Tuesday, September 30, 2008

the reproduction production


Last Friday I went to try on my fave pair of pre-pregnancy designer jeans. I try them on periodically to measure my body shifting, but last week they fit! Albeit not exactly the same as they did before my pregnancy, but they no longer made me feel like a sausage and I could wear them out in public without feeling like my circulation would be cut off from my waist down.

Seems like small scale apartment renovation, packing, moving, and unpacking have facilitated a weight loss in both Adam and myself. Thank god. We had grown very accustomed to hanging on our couch, watching downloaded TV series, and eating organic cookies since Alexandra came around that we'd both managed to maintain a certain baby flab. But now it's gone and we have emerged out of the cocoon of chub victorious!

But, of course, the discussions re: baby #2 have now begun.
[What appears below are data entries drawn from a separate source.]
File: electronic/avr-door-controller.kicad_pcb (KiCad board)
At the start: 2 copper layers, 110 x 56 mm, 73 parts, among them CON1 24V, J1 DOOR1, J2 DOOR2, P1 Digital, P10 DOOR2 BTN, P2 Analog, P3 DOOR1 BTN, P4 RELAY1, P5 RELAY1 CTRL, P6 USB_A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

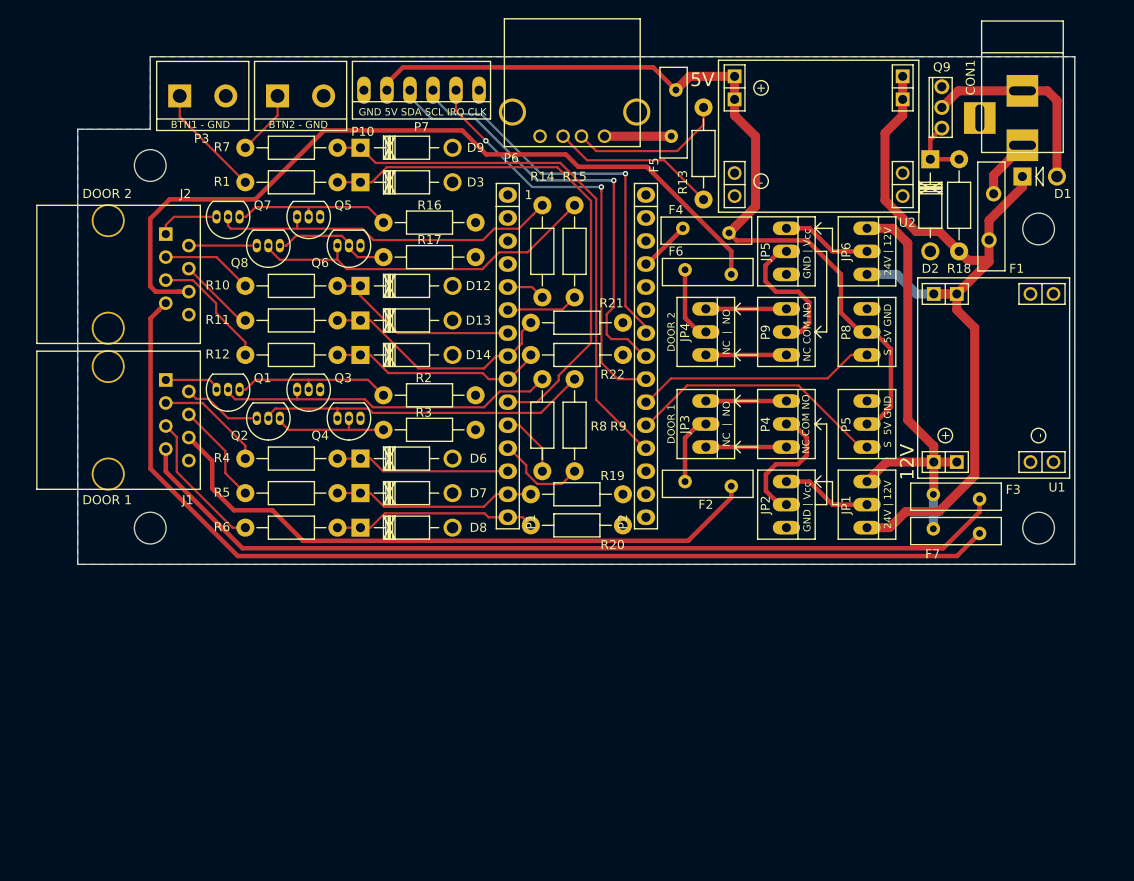
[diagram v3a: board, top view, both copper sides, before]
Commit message: electronic: pcb: Completely rework the PCB for rev 2
This is a completely new PCB with integrated relays, 24V step-up and
enought space for the RTC module. It has been design to fit in an RND
455-00119 case.

Signed-off-by: Alban Bedel <alban.bedel@avionic-design.de>
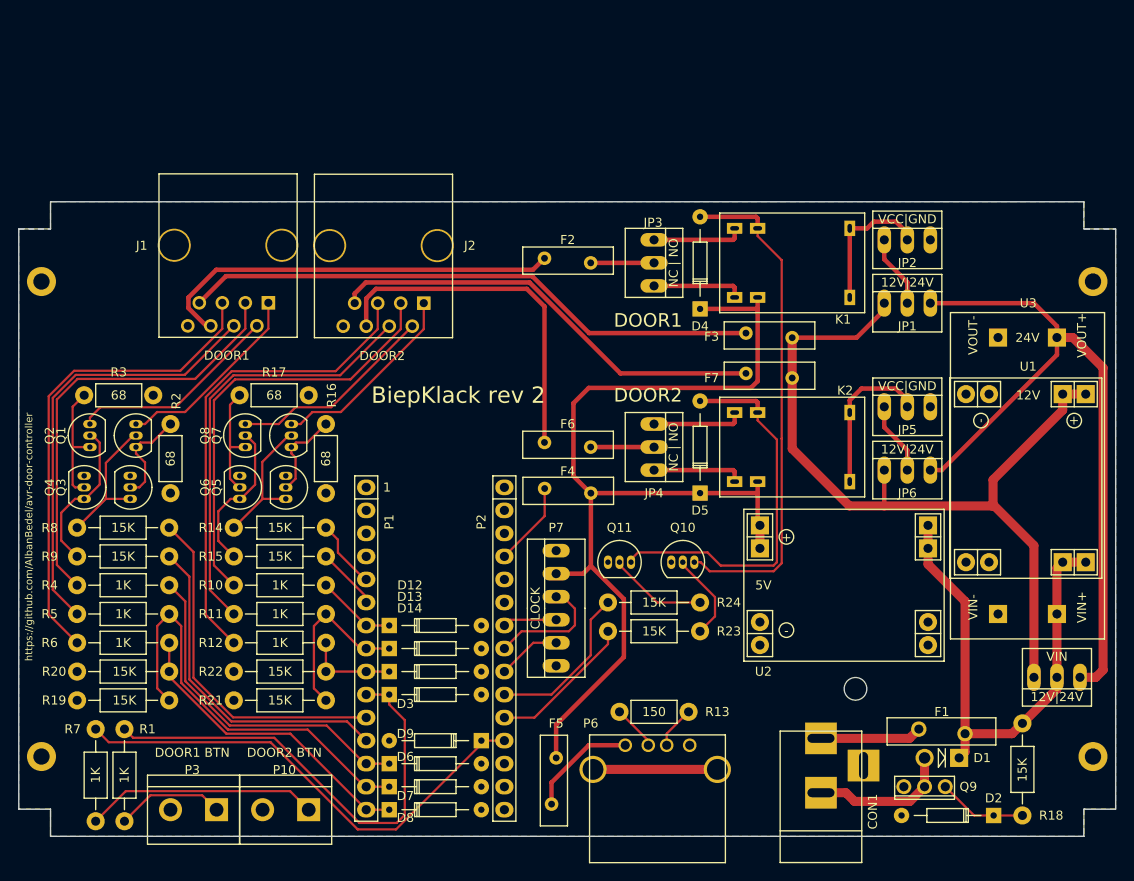
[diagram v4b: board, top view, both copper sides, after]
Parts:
- removed P4: RELAY1, Connect:PINHEAD1-3
- removed P5: RELAY1 CTRL, Connect:PINHEAD1-3
- removed P8: RELAY2 CTRL, Connect:PINHEAD1-3
- removed P9: RELAY2, Connect:PINHEAD1-3
- removed the REF** at (198.0, 75.0)
- removed the REF** at (198.0, 108.0)
- removed the REF** at (100.0, 68.0)
- removed the REF** at (100.0, 108.0)
- added D4: 1N4148, Diodes_ThroughHole:Diode_DO-35_SOD27_Horizontal_RM10, F.Cu at (160.7, 83.8)
- added D5: 1N4148, Diodes_ThroughHole:Diode_DO-35_SOD27_Horizontal_RM10, F.Cu at (160.7, 104.1)
- added JP7: 12V|24V, Connect:PINHEAD1-3, F.Cu at (200.0, 124.5)
- added K1: RELAY, Modules:JRC-21F, F.Cu at (170.8, 78.7)
- added K2: RELAY, Modules:JRC-21F, F.Cu at (170.8, 99.1)
- added Q10: Q_NPN_EBC, TO_SOT_Packages_THT:TO-92_Inline_Narrow_Oval, F.Cu at (157.5, 111.8)
- added Q11: Q_NPN_EBC, TO_SOT_Packages_THT:TO-92_Inline_Narrow_Oval, F.Cu at (150.5, 111.8)
- added R23: 15K, Resistors_ThroughHole:Resistor_Horizontal_RM10mm, F.Cu at (160.7, 119.4)
- added R24: 15K, Resistors_ThroughHole:Resistor_Horizontal_RM10mm, F.Cu at (160.7, 116.2)
- added REF**: MountingHole_2-5mm, Mounting_Holes:MountingHole_2-5mm, F.Cu at (204.0, 133.2)
- added REF**: MountingHole_2-5mm, Mounting_Holes:MountingHole_2-5mm, F.Cu at (88.0, 133.2)
- added REF**: MountingHole_2-5mm, Mounting_Holes:MountingHole_2-5mm, F.Cu at (88.0, 80.8)
- added REF**: MountingHole_2-5mm, Mounting_Holes:MountingHole_2-5mm, F.Cu at (204.0, 80.8)
- added REF**: MountingHole_2-5mm, Mounting_Holes:MountingHole_2-5mm, F.Cu at (177.8, 125.7)
- added U3: 24V, Modules:MT3608, F.Cu at (196.8, 102.2)
- D12, D13, D14, D2, D3, D6, D7, D8, D9: footprint Diodes_ThroughHole:Diode_DO-41_SOD81_Horizontal_RM10 -> Diodes_ThroughHole:Diode_DO-35_SOD27_Horizontal_RM10
- F4: value 0.17A -> 0.09A
- JP1: value DR1 VCC -> 12V|24V
- JP2: value DR1 LVL -> VCC|GND
- JP3: value DR1 NO/NC -> NC | NO
- JP4: value DR2 NO/NC -> NC | NO
- JP5: value DR2 LVL -> VCC|GND
- JP6: value DR2 VCC -> 12V|24V
- R13, R16, R17, R2, R3: footprint Resistors_ThroughHole:Resistor_Horizontal_RM10mm -> Resistors_ThroughHole:Resistor_Horizontal_RM7mm
- moved CON1 80.9 mm to (174.0, 137.4), turned to 90 degrees
- moved P10 78.8 mm to (114.9, 139.1), turned to 180 degrees
- moved P3 78.7 mm to (104.8, 139.1), turned to 180 degrees
- moved R7 76.1 mm to (94.0, 140.3), turned to 90 degrees
- moved F5 74.9 mm to (144.8, 133.3)
- moved R18 72.7 mm to (196.2, 139.7), turned to 90 degrees
- moved D2 72.7 mm to (193.0, 139.7), turned to 180 degrees
- moved Q9 72.6 mm to (187.7, 136.5), turned to 180 degrees
- moved R1 71.7 mm to (97.2, 140.3), turned to 90 degrees
- moved P6 67.2 mm to (152.4, 132.0), turned to 0 degrees
- moved D9 66.7 mm to (136.5, 131.4), turned to 180 degrees
- moved D1 64.5 mm to (189.2, 133.3), turned to 180 degrees
- moved R20 62.3 mm to (91.9, 123.8), turned to 0 degrees
- moved R21 59.8 mm to (109.2, 127.0), turned to 0 degrees
- moved F1 59.6 mm to (184.8, 130.2), turned to 0 degrees
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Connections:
- D1 pad 1: +24V -> Net-(D1-Pad1)
- F1 pad 2: +24V -> Net-(D1-Pad1)
- JP2 pad 2: /RELAY1_COM -> Net-(JP2-Pad2)
- JP3 pad 1: /RELAY1_NO -> Net-(JP3-Pad1)
- JP3 pad 3: /RELAY1_NC -> Net-(JP3-Pad3)
- JP4 pad 1: /RELAY2_NO -> Net-(JP4-Pad1)
- JP4 pad 3: /RELAY2_NC -> Net-(JP4-Pad3)
- JP5 pad 2: /RELAY2_COM -> Net-(JP5-Pad2)
- R18 pad 2: +24V -> Net-(D1-Pad1)
- U1 pad 1: +24V -> Net-(D1-Pad1)
- U1 pad 2: +24V -> Net-(D1-Pad1)
- U2 pad 1: +24V -> Net-(D1-Pad1)
- U2 pad 2: +24V -> Net-(D1-Pad1)
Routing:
- net /DOOR2_12V: track 115.4 -> 48.9 mm
- net Net-(D1-Pad1): track 0.00 -> 57.3 mm
- net Net-(D4-Pad2): track 0.00 -> 56.0 mm
- net /DOOR2_RELAY: track 88.1 -> 39.0 mm
- net +12V: track 48.7 -> 92.1 mm
- net Net-(D5-Pad2): track 0.00 -> 42.4 mm
- net /A3: track 46.9 -> 7.03 mm, vias 2 -> 0
- net /DOOR2_D0: track 13.6 -> 53.3 mm
- net /DOOR2_D1: track 8.60 -> 47.9 mm
- net /A5: track 44.0 -> 5.98 mm, vias 1 -> 0
- net /DOOR2_STATUS: track 10.1 -> 48.0 mm
- net /DOOR1_D0: track 15.7 -> 53.6 mm
- net /DOOR1_D1: track 11.3 -> 48.2 mm
- net /A4: track 49.7 -> 13.3 mm, vias 1 -> 0
- net /DOOR1_STATUS: track 12.1 -> 48.3 mm
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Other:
- board size 110 x 56 mm -> 121 x 70 mm
- net class Default: via_drill 0.3 -> 0.4
- rule trace_min: 0.1 -> 0.2
- rule via_min_drill: 0.2 -> 0.3
- rule via_min_size: 0.45 -> 0.4
- board text added: "BiepKlack rev 2"
- board text added: "DOOR1"
- board text added: "DOOR2"
- board text added: "RND 455-00119"
- board text added: "VIN"
- board text added: "https://github.com/AlbanBedel/avr-door-controller"
- board text removed: "12V"
- board text removed: "24V | 12V"
- board text removed: "5V"
- board text removed: "BTN1 - GND"
- board text removed: "BTN2 - GND"
- board text removed: "DOOR 1"
- board text removed: "DOOR 2"
- board text removed: "GND 5V SDA SCL IRQ CLK"
- board text removed: "GND | Vcc"
- board text removed: "NC COM NO"
- board text removed: "NC | NO"
- board text removed: "S 5V GND"

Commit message: electronic: pcb: Increase the mounting holes size to 3mm
The screw holes in the hounsing are a bit larger than expected. To
properly attach the PCB we need 3mm holes instead of 2.5mm.

Signed-off-by: Alban Bedel <albeu@free.fr>
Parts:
- REF** (x4): footprint Mounting_Holes:MountingHole_2-5mm -> Mounting_Holes:MountingHole_3mm
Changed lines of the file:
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@@
     (links 157)
     (no_connects 0)
-    (area 85.424999 71.924999 206.575001 142.075001)
+    (area 58.500001 37.15 240.5 148.52)
     (thickness 1.6)
     (drawings 46)
@@
     )
   )
-  (module Mounting_Holes:MountingHole_2-5mm (layer F.Cu)
-    (at 204 133.2)
-    (descr "Mounting hole, Befestigungsbohrung, 2,5mm, No Annular, Kein Restring,")
-    (tags "Mounting hole, Befestigungsbohrung, 2,5mm, No Annular, Kein Restring,")
-    (fp_text reference REF** (at 0 -3.50012) (layer F.SilkS) hide
-      (effects (font (size 1 1) (thickness 0.15)))
-    )
-    (fp_text value MountingHole_2-5mm (at 0.09906 3.59918) (layer F.Fab) hide
-      (effects (font (size 1 1) (thickness 0.15)))
-    )
-    (fp_circle (center 0 0) (end 2.5 0) (layer Cmts.User) (width 0.381))
-    (pad "" np_thru_hole circle (at 0 0) (size 3.2 3.2) (drill 1.8) (layers *.Cu *.Mask F.SilkS))
-  )
-  (module Mounting_Holes:MountingHole_2-5mm (layer F.Cu)
-    (at 88 133.2)
-    (descr "Mounting hole, Befestigungsbohrung, 2,5mm, No Annular, Kein Restring,")
-    (tags "Mounting hole, Befestigungsbohrung, 2,5mm, No Annular, Kein Restring,")
-    (fp_text reference REF** (at 0 -3.50012) (layer F.SilkS) hide
-      (effects (font (size 1 1) (thickness 0.15)))
-    )
-    (fp_text value MountingHole_2-5mm (at 0.09906 3.59918) (layer F.Fab) hide
-      (effects (font (size 1 1) (thickness 0.15)))
-    )
-    (fp_circle (center 0 0) (end 2.5 0) (layer Cmts.User) (width 0.381))
-    (pad "" np_thru_hole circle (at 0 0) (size 3.2 3.2) (drill 1.8) (layers *.Cu *.Mask F.SilkS))
-  )
-  (module Mounting_Holes:MountingHole_2-5mm (layer F.Cu)
-    (at 88 80.8)
-    (descr "Mounting hole, Befestigungsbohrung, 2,5mm, No Annular, Kein Restring,")
-    (tags "Mounting hole, Befestigungsbohrung, 2,5mm, No Annular, Kein Restring,")
-    (fp_text reference REF** (at 0 -3.50012) (layer F.SilkS) hide
-      (effects (font (size 1 1) (thickness 0.15)))
-    )
-    (fp_text value MountingHole_2-5mm (at 0.09906 3.59918) (layer F.Fab)
-      (effects (font (size 1 1) (thickness 0.15)))
-    )
-    (fp_circle (center 0 0) (end 2.5 0) (layer Cmts.User) (width 0.381))
-    (pad "" np_thru_hole circle (at 0 0) (size 3.2 3.2) (drill 1.8) (layers *.Cu *.Mask F.SilkS))
-  )
   (module Connect:RJ45_8 (layer F.Cu)
     (at 108.585 76.795 180)
@@
     )
   )
-  (module Mounting_Holes:MountingHole_2-5mm (layer F.Cu)
-    (at 204 80.8)
-    (descr "Mounting hole, Befestigungsbohrung, 2,5mm, No Annular, Kein Restring,")
-    (tags "Mounting hole, Befestigungsbohrung, 2,5mm, No Annular, Kein Restring,")
-    (fp_text reference REF** (at 0 -3.50012) (layer F.SilkS) hide
-      (effects (font (size 1 1) (thickness 0.15)))
-    )
-    (fp_text value MountingHole_2-5mm (at 0.09906 3.59918) (layer F.Fab) hide
-      (effects (font (size 1 1) (thickness 0.15)))
-    )
-    (fp_circle (center 0 0) (end 2.5 0) (layer Cmts.User) (width 0.381))
-    (pad "" np_thru_hole circle (at 0 0) (size 3.2 3.2) (drill 1.8) (layers *.Cu *.Mask F.SilkS))
-  )
   (module Connect:PINHEAD1-3 (layer F.Cu)
     (at 155.575 99.06 270)
@@
       (net 47 +24V))
   )
+  (module Mounting_Holes:MountingHole_3mm (layer F.Cu)
+    (at 88 80.8)
+    (descr "Mounting hole, Befestigungsbohrung, 3mm, No Annular, Kein Restring,")
+    (tags "Mounting hole, Befestigungsbohrung, 3mm, No Annular, Kein Restring,")
+    (fp_text reference REF** (at 0 -4.0005) (layer F.SilkS) hide
+      (effects (font (size 1 1) (thickness 0.15)))
+    )
+    (fp_text value MountingHole_2-5mm (at 1.00076 5.00126) (layer F.Fab)
+      (effects (font (size 1 1) (thickness 0.15)))
+    )
+    (fp_circle (center 0 0) (end 3 0) (layer Cmts.User) (width 0.381))
+    (pad 1 thru_hole circle (at 0 0) (size 3 3) (drill 3) (layers))
+  )
+  (module Mounting_Holes:MountingHole_3mm (layer F.Cu)
+    (at 88 133.2)
+    (descr "Mounting hole, Befestigungsbohrung, 3mm, No Annular, Kein Restring,")
+    (tags "Mounting hole, Befestigungsbohrung, 3mm, No Annular, Kein Restring,")
+    (fp_text reference REF** (at 0 -4.0005) (layer F.SilkS) hide
+      (effects (font (size 1 1) (thickness 0.15)))
+    )
+    (fp_text value MountingHole_2-5mm (at 1.00076 5.00126) (layer F.Fab)
+      (effects (font (size 1 1) (thickness 0.15)))
+    )
+    (fp_circle (center 0 0) (end 3 0) (layer Cmts.User) (width 0.381))
+    (pad 1 thru_hole circle (at 0 0) (size 3 3) (drill 3) (layers))
+  )
+  (module Mounting_Holes:MountingHole_3mm (layer F.Cu)
+    (at 204 133.2)
+    (descr "Mounting hole, Befestigungsbohrung, 3mm, No Annular, Kein Restring,")
+    (tags "Mounting hole, Befestigungsbohrung, 3mm, No Annular, Kein Restring,")
+    (fp_text reference REF** (at 0 -4.0005) (layer F.SilkS) hide
+      (effects (font (size 1 1) (thickness 0.15)))
+    )
+    (fp_text value MountingHole_2-5mm (at 1.00076 5.00126) (layer F.Fab)
+      (effects (font (size 1 1) (thickness 0.15)))
+    )
+    (fp_circle (center 0 0) (end 3 0) (layer Cmts.User) (width 0.381))
+    (pad 1 thru_hole circle (at 0 0) (size 3 3) (drill 3) (layers))
+  )
+  (module Mounting_Holes:MountingHole_3mm (layer F.Cu)
+    (at 204 80.8)
+    (descr "Mounting hole, Befestigungsbohrung, 3mm, No Annular, Kein Restring,")
+    (tags "Mounting hole, Befestigungsbohrung, 3mm, No Annular, Kein Restring,")
+    (fp_text reference REF** (at 0 -4.0005) (layer F.SilkS) hide
+      (effects (font (size 1 1) (thickness 0.15)))
+    )
+    (fp_text value MountingHole_2-5mm (at 1.00076 5.00126) (layer F.Fab)
+      (effects (font (size 1 1) (thickness 0.15)))
+    )
+    (fp_circle (center 0 0) (end 3 0) (layer Cmts.User) (width 0.381))
+    (pad 1 thru_hole circle (at 0 0) (size 3 3) (drill 3) (layers))
+  )
   (gr_text https://github.com/AlbanBedel/avr-door-controller (at 86.614 108.966 90) (layer F.SilkS)

One of the many things I appreciate about my New York peers is that many of us agonize over if we should kids, when we should have them, how many to have, the impact of our reproduction on the world at large, on the environment, zero population growth, urban living and city finances, etc, etc, etc. There is no mindless reproduction here (for the most part). We are all very critical thinkers (as well as slightly cynical) about many issues, and this trickles down into our reproduction practices as well.

So Adam and I have been belaboring the one kid versus two agenda. Neither of us is BFF with our siblings, but we are both certainly glad to have them and couldn't imagine growing up and/or being an adult without them. We recognize that the cost of daycare, the space issue in small apartments, the looming cost of a college education, our desire to stay in Brooklyn, the challenge of public schools, my inner fears of getting fat all over again and giving birth to another ginormous babe, our goals of international travel....all these things get increasingly complicated with a second child. One kid = we can negotiate all this quite easily. Two kids = a whole different kettle of fish.

But how do you measure--financially or otherwise--the life of a second child? All our reasons for having only one child reflect, for the most part, our desires for an easier financial future; one child allows us to maintain our relatively posh life. But how can we explain to Alexandra, when she's older, that we didn't think a sibling for her was worth giving up our ability to go to Europe, to eat organic meat, and to rent in a nice neighborhood? It's a hard thing to reconcile.

(photo of my belly the night my water broke: june 23, 2007)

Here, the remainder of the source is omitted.